## Task brief
Only the closing portion of the entries is to be reproduced: the line containing "Board: 2 copper" through the very last line, exactly as written.
───── Data
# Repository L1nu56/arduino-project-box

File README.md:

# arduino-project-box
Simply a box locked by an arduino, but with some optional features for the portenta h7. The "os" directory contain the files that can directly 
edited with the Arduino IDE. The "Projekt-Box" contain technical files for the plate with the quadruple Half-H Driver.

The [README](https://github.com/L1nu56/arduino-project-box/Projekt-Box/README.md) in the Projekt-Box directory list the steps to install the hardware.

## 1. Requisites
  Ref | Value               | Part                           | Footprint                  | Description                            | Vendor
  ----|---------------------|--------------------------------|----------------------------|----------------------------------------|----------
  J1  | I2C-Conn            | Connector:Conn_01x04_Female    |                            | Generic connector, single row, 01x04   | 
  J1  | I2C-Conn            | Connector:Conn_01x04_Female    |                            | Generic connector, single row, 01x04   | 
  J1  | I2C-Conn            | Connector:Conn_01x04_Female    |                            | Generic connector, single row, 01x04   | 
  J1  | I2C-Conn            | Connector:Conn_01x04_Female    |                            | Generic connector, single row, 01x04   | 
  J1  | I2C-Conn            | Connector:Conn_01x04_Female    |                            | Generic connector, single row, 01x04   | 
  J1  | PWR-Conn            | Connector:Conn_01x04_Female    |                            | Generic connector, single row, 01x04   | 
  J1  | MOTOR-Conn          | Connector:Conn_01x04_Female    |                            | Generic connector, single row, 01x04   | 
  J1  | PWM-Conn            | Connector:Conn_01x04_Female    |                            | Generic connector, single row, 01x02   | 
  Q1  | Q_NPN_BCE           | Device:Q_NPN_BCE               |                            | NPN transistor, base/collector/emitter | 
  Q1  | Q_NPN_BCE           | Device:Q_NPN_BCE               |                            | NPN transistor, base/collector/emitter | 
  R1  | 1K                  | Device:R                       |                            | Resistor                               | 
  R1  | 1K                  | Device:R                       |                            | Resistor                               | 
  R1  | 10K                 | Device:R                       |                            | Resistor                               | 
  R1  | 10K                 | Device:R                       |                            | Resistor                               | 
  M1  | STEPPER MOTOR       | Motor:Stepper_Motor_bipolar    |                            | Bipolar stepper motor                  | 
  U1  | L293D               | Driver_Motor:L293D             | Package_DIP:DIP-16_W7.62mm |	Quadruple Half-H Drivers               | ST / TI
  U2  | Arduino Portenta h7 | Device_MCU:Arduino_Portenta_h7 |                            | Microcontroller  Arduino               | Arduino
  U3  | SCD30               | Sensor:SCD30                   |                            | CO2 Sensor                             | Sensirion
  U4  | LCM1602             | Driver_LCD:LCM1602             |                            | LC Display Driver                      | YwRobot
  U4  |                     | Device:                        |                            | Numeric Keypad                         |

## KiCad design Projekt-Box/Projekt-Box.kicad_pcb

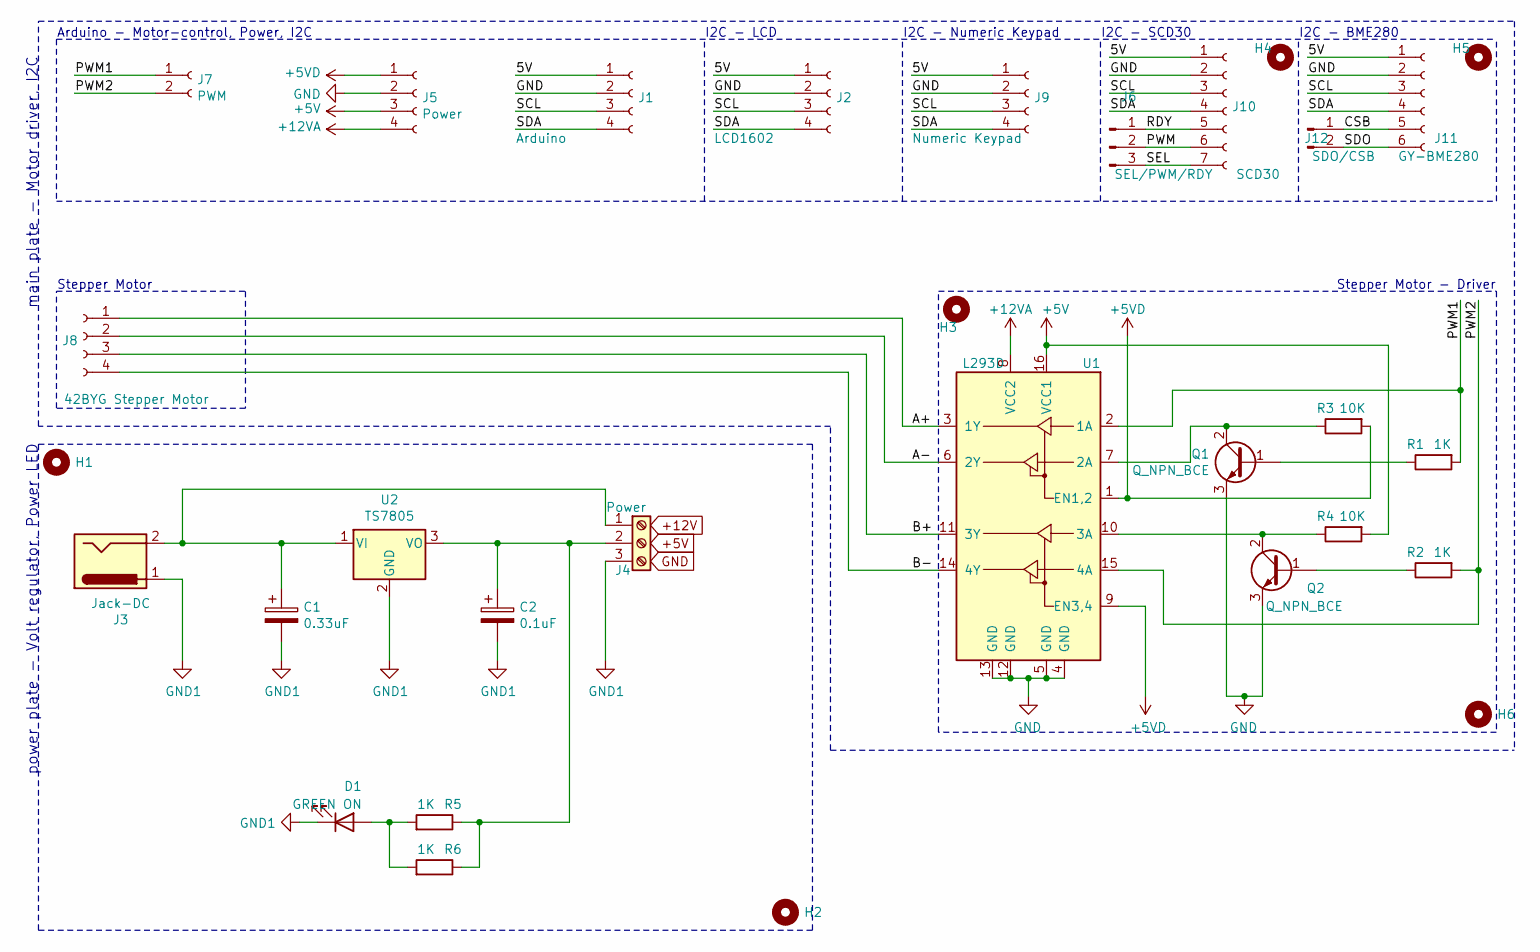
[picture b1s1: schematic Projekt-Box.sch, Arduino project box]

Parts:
C1: 0.33uF; CP_Radial_Tantal_D5.0mm_P2.50mm
C2: 0.1uF; CP_Radial_Tantal_D4.5mm_P2.50mm
D1: GREEN ON; LED_D3.0mm
H1: MP1_Power-plate; MountingHole_2.2mm_M2_DIN965
H2: MP2_power-plate; MountingHole_2.2mm_M2_DIN965
H3: MP1-1_main-plate--motor-driver; MountingHole_2.2mm_M2_DIN965
H4: MP2-1-main-plate--I2C; MountingHole_2.2mm_M2_DIN965
H5: MP2-1_main-plate--I2C; MountingHole_2.2mm_M2_DIN965
H6: MP1-2_main-plate--motor-driver; MountingHole_2.2mm_M2_DIN965
J1: Arduino; PinHeader_1x04_P2.54mm_Vertical
J2: LCD1602; PinHeader_1x04_P2.54mm_Vertical
J3: Jack-DC; BarrelJack_CUI_PJ-063AH_Horizontal
J4: Power; TerminalBlock_MetzConnect_Type011_RT05503HBWC_1x03_P5.00mm_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
J5: Power; PinHeader_1x04_P2.54mm_Vertical
J6: SEL/PWM/RDY; PinHeader_1x03_P2.54mm_Vertical
J7: PWM; PinHeader_1x02_P2.54mm_Vertical
J8: 42BYG Stepper Motor; PinHeader_1x04_P2.54mm_Vertical
J9: Numeric Keypad; PinHeader_1x04_P2.54mm_Vertical
J10: SCD30; PinHeader_1x07_P2.54mm_Vertical
J11: GY-BME280; PinHeader_1x06_P2.54mm_Vertical
J12: SDO/CSB; PinHeader_1x02_P2.54mm_Vertical
Q1, Q2: Q_NPN_BCE; TO-92
R1, R2, R5, R6: 1K; R_Axial_DIN0204_L3.6mm_D1.6mm_P5.08mm_Horizontal
R3, R4: 10K; R_Axial_DIN0204_L3.6mm_D1.6mm_P5.08mm_Horizontal
U1: L293D; DIP-16_W7.62mm
U2: TS7805; TO-220-3_Vertical

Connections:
+5V: J5.3, R4.2, U1.16 (VCC1)
+5VD: J5.1, R3.2, U1.1 (EN1,2), U1.9 (EN3,4)
+12VA: J5.4, U1.8 (VCC2)
/5V: J1.1, J2.1, J9.1, J10.1, J11.1
/A+: J8.1, U1.3 (1Y)
/A-: J8.2, U1.6 (2Y)
/B+: J8.3, U1.11 (3Y)
/B-: J8.4, U1.14 (4Y)
/CSB: J11.5, J12.1
/PWM: J6.2, J10.6
/PWM1: J7.1, R1.2, U1.2 (1A)
/PWM2: J7.2, R2.2, U1.15 (4A)
/RDY: J6.1, J10.5
/SCL: J1.3, J2.3, J9.3, J10.3, J11.3
/SDA: J1.4, J2.4, J9.4, J10.4, J11.4
/SDO: J11.6, J12.2
/SEL: J6.3, J10.7
GND: J1.2, J2.2, J5.2, J9.2, J10.2, J11.2, Q1.3 (E), Q2.3 (E), U1.4 (GND), U1.5 (GND), U1.12 (GND), U1.13 (GND)
GND1: C1.2, C2.2, D1.1 (K), J3.1, J4.3, U2.2 (GND)
unnamed: C1.1, J3.2, J4.1, U2.1 (VI)
unnamed: C2.1, J4.2, R5.1, R6.1, U2.3 (VO)
unnamed: D1.2 (A), R5.2, R6.2
unnamed: Q1.1 (B), R1.1
unnamed: Q1.2 (C), R3.1, U1.7 (2A)
unnamed: Q2.1 (B), R2.1
unnamed: Q2.2 (C), R4.1, U1.10 (3A)

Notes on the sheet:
Arduino - Motor-control, Power, I2C
I2C - LCD
I2C - Numeric Keypad
I2C - SCD30
I2C - BME280
Stepper Motor
Stepper Motor - Driver
main plate - Motor driver, I2C
power plate - Volt regulator, Power LED

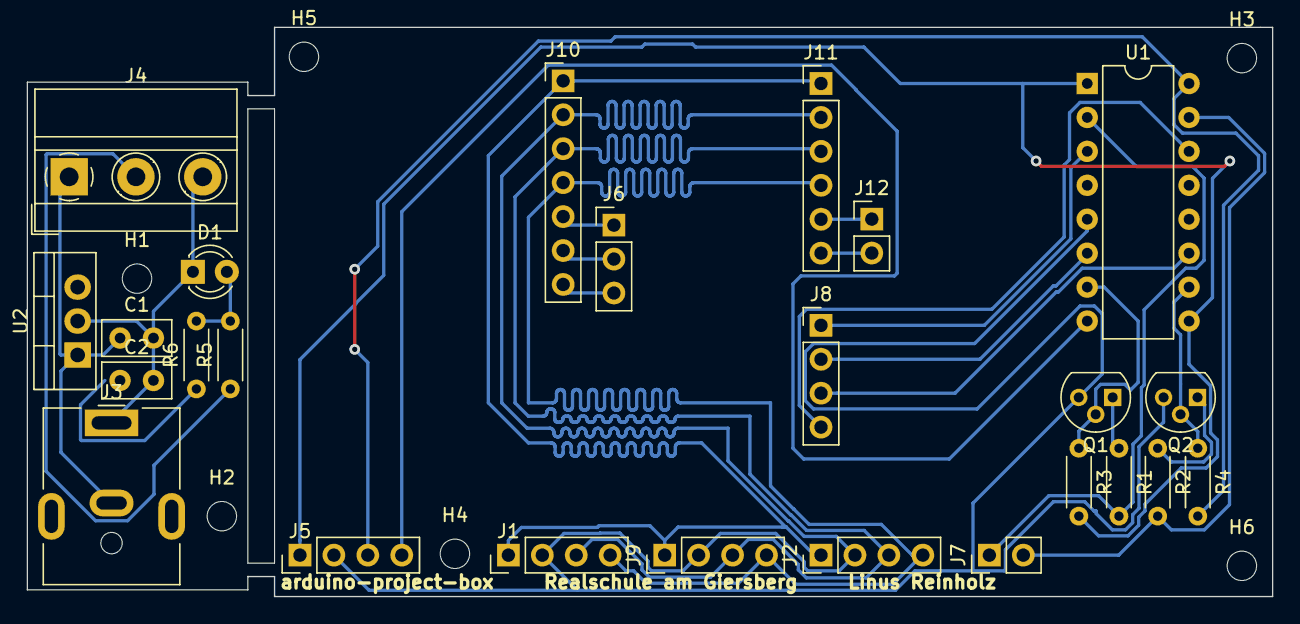
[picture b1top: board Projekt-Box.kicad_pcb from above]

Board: 2 copper layers, 93.2 x 42.6 mm, 31 parts (0 on the bottom side), 26 nets.

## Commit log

2021-03-13 Update README.md
    Add requisites
2021-03-13 Upload my existing work
2021-03-13 Add technical files
2021-03-13 Update accesspoint.h
    Add classes and functions
2021-03-13 Update ap-MAKROS.h
    Add libraries
2021-03-15 Add files via upload
    Add voarious status codes
2021-03-19 Update README.md
    Add a link and two vendors
──────────
## Answer to this task
Board: 2 copper layers, 93.2 x 42.6 mm, 31 parts (0 on the bottom side), 26 nets.

## Commit log

2021-03-13 Update README.md
    Add requisites
2021-03-13 Upload my existing work
2021-03-13 Add technical files
2021-03-13 Update accesspoint.h
    Add classes and functions
2021-03-13 Update ap-MAKROS.h
    Add libraries
2021-03-15 Add files via upload
    Add voarious status codes
2021-03-19 Update README.md
    Add a link and two vendors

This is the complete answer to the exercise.